Stored records:
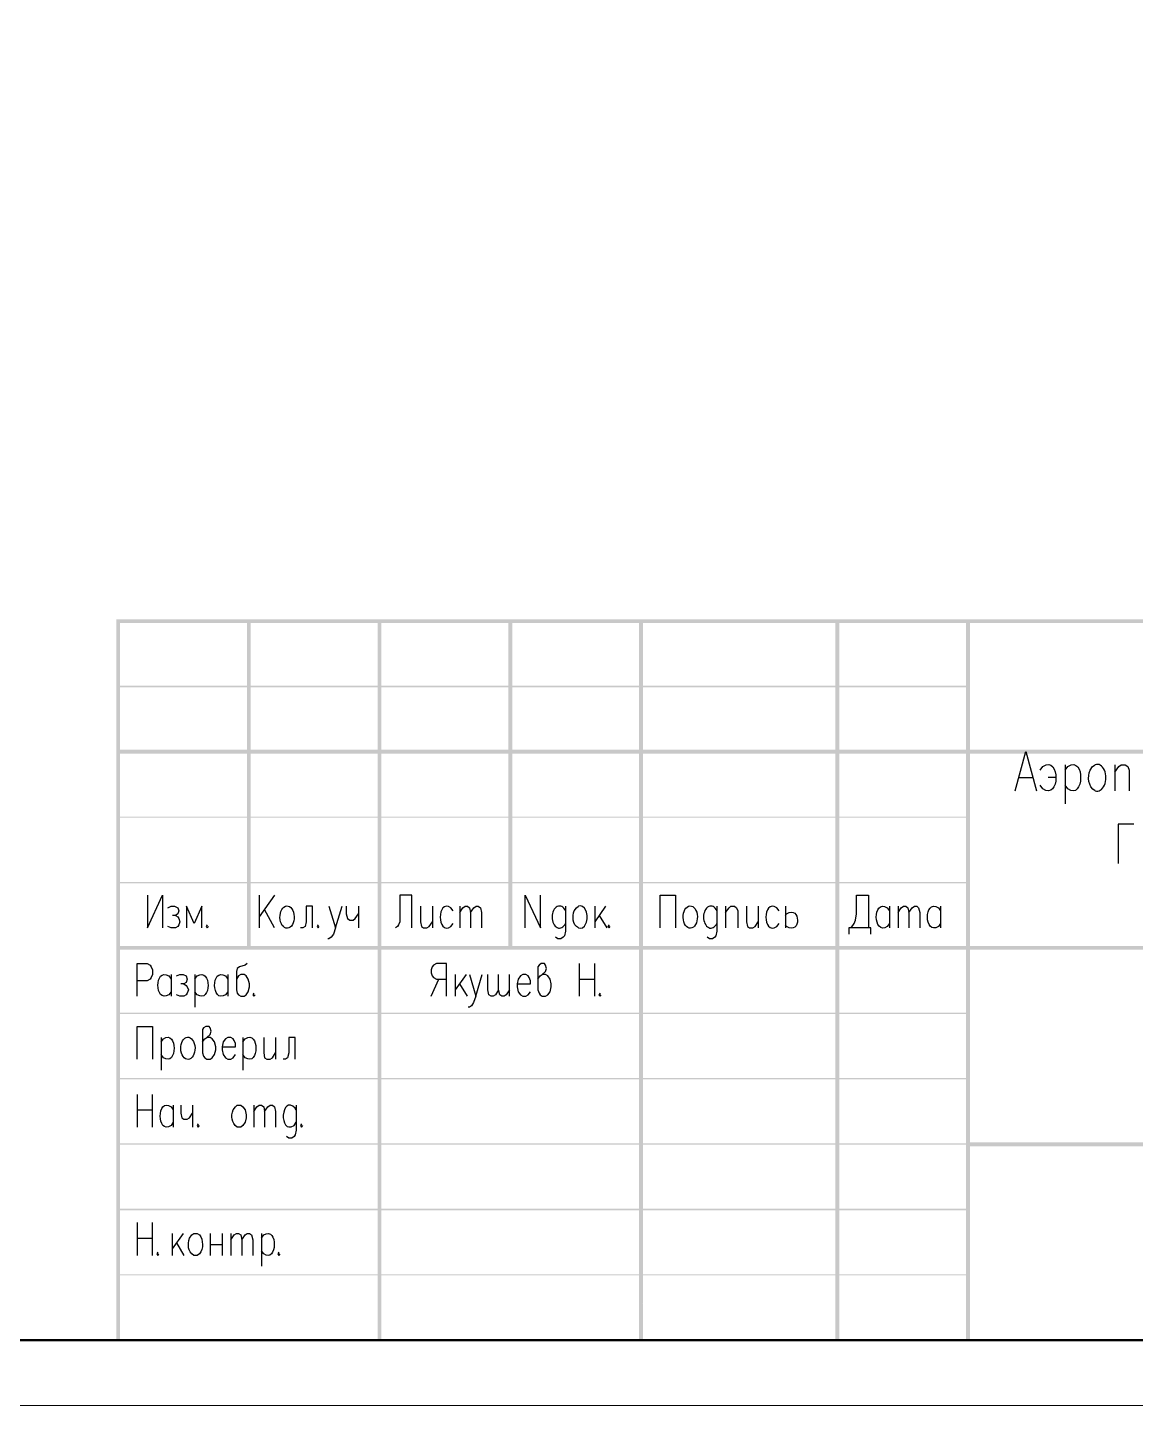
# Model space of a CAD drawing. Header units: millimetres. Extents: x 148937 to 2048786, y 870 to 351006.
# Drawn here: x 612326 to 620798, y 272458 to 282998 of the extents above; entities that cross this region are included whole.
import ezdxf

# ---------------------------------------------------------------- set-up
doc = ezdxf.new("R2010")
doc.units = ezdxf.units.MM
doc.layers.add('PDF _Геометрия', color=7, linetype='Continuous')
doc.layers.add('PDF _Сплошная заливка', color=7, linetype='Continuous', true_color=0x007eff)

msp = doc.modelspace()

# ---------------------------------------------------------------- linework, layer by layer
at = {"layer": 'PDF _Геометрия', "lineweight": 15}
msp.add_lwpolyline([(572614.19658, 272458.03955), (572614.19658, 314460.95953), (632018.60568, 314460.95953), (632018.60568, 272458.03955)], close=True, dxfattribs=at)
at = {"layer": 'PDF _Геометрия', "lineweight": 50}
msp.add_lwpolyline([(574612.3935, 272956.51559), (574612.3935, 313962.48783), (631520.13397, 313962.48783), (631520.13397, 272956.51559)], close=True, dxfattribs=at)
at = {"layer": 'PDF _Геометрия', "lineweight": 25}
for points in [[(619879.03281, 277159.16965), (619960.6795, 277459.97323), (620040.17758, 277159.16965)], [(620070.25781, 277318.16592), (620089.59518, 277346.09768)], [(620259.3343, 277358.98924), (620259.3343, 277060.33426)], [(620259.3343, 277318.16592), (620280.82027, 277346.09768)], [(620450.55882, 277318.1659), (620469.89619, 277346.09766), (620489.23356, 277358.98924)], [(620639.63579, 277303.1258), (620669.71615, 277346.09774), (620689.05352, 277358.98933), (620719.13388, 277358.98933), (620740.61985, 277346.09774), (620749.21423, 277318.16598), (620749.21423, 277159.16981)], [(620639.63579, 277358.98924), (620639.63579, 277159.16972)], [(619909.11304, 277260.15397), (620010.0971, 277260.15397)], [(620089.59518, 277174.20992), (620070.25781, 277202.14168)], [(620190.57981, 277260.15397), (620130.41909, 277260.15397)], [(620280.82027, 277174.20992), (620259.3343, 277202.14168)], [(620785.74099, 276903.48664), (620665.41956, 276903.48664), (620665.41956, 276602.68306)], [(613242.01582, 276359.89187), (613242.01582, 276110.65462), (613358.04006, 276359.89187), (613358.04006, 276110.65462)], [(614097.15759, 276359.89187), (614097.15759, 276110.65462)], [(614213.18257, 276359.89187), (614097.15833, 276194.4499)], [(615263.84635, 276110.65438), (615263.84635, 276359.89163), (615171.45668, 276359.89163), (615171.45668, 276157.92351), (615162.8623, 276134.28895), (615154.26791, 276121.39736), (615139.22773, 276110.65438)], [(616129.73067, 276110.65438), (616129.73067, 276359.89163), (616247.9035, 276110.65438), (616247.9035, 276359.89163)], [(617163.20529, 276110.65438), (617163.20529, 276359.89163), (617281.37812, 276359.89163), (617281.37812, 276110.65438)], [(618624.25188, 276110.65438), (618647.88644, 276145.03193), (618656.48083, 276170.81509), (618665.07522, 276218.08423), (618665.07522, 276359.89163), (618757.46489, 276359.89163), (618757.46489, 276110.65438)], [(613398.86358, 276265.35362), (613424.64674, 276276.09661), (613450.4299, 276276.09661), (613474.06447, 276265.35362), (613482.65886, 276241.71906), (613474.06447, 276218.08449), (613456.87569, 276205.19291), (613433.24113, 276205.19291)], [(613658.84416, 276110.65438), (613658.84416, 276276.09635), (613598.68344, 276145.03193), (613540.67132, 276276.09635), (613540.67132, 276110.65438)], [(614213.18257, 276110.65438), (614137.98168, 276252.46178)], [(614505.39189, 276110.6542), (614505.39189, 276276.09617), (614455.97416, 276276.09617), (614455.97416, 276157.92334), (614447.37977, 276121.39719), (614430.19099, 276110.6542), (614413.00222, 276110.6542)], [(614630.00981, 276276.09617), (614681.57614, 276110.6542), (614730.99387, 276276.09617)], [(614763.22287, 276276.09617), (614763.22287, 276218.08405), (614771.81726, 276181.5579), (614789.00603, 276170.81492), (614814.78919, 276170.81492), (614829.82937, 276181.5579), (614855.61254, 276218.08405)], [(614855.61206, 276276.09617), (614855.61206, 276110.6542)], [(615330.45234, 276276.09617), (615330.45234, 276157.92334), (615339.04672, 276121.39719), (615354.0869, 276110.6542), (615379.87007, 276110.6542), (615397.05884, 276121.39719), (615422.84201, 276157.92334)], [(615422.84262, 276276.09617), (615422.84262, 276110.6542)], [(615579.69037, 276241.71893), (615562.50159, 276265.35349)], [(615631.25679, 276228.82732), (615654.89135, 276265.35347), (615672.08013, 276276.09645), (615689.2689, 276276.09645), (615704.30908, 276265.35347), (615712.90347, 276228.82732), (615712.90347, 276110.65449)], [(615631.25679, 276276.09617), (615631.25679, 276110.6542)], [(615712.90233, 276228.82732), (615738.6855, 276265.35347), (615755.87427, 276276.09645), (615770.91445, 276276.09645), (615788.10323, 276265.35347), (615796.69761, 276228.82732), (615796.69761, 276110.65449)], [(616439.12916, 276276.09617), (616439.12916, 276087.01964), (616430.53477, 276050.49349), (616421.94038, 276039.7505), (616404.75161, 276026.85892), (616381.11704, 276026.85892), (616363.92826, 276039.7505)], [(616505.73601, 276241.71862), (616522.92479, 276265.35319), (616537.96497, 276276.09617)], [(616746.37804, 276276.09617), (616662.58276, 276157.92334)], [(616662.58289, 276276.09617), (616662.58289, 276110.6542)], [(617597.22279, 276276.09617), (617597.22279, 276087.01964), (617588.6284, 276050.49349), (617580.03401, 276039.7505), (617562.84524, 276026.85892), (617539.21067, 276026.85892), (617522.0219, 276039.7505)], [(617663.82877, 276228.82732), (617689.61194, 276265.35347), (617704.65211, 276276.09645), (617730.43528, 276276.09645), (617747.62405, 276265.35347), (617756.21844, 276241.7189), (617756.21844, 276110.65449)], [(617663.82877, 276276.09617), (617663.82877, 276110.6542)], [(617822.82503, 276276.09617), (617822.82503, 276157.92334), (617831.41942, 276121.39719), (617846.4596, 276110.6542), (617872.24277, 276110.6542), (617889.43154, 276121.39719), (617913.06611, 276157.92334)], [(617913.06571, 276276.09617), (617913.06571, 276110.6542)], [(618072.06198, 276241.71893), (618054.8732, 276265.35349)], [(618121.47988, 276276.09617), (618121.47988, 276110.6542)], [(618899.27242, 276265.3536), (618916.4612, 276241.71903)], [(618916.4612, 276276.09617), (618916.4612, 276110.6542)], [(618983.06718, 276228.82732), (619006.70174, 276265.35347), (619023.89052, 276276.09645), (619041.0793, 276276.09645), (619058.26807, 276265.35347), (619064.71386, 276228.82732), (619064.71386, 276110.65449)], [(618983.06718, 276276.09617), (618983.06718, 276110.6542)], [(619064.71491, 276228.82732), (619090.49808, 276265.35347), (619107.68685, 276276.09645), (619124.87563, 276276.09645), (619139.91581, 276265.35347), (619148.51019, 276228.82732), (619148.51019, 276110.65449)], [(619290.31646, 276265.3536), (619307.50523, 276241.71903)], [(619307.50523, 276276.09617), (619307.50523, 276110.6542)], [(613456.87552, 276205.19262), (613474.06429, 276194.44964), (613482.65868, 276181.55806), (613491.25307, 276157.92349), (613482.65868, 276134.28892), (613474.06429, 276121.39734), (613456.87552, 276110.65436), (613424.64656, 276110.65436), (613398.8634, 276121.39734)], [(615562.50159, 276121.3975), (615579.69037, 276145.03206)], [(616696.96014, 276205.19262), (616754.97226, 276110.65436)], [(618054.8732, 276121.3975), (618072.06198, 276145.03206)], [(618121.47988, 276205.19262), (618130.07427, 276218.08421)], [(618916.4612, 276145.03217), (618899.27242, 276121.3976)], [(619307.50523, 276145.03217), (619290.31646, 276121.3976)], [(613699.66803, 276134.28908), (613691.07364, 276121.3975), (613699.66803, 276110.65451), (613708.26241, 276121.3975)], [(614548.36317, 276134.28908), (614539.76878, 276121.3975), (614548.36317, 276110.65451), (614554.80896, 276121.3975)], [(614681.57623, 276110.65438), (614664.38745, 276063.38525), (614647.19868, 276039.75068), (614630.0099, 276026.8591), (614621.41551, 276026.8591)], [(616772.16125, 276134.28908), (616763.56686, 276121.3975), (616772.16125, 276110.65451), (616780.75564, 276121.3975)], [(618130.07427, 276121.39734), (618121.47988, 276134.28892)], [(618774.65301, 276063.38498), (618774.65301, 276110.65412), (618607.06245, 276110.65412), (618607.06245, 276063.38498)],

WHAT TO WORK ON: Through the line containing "import ezdxf" and no further, restate the data above word for word from its first line, leaving out pictures.

YOUR RESPONSE:
# Model space of a CAD drawing. Header units: millimetres. Extents: x 148937 to 2048786, y 870 to 351006.
# Drawn here: x 612326 to 620798, y 272458 to 282998 of the extents above; entities that cross this region are included whole.
import ezdxf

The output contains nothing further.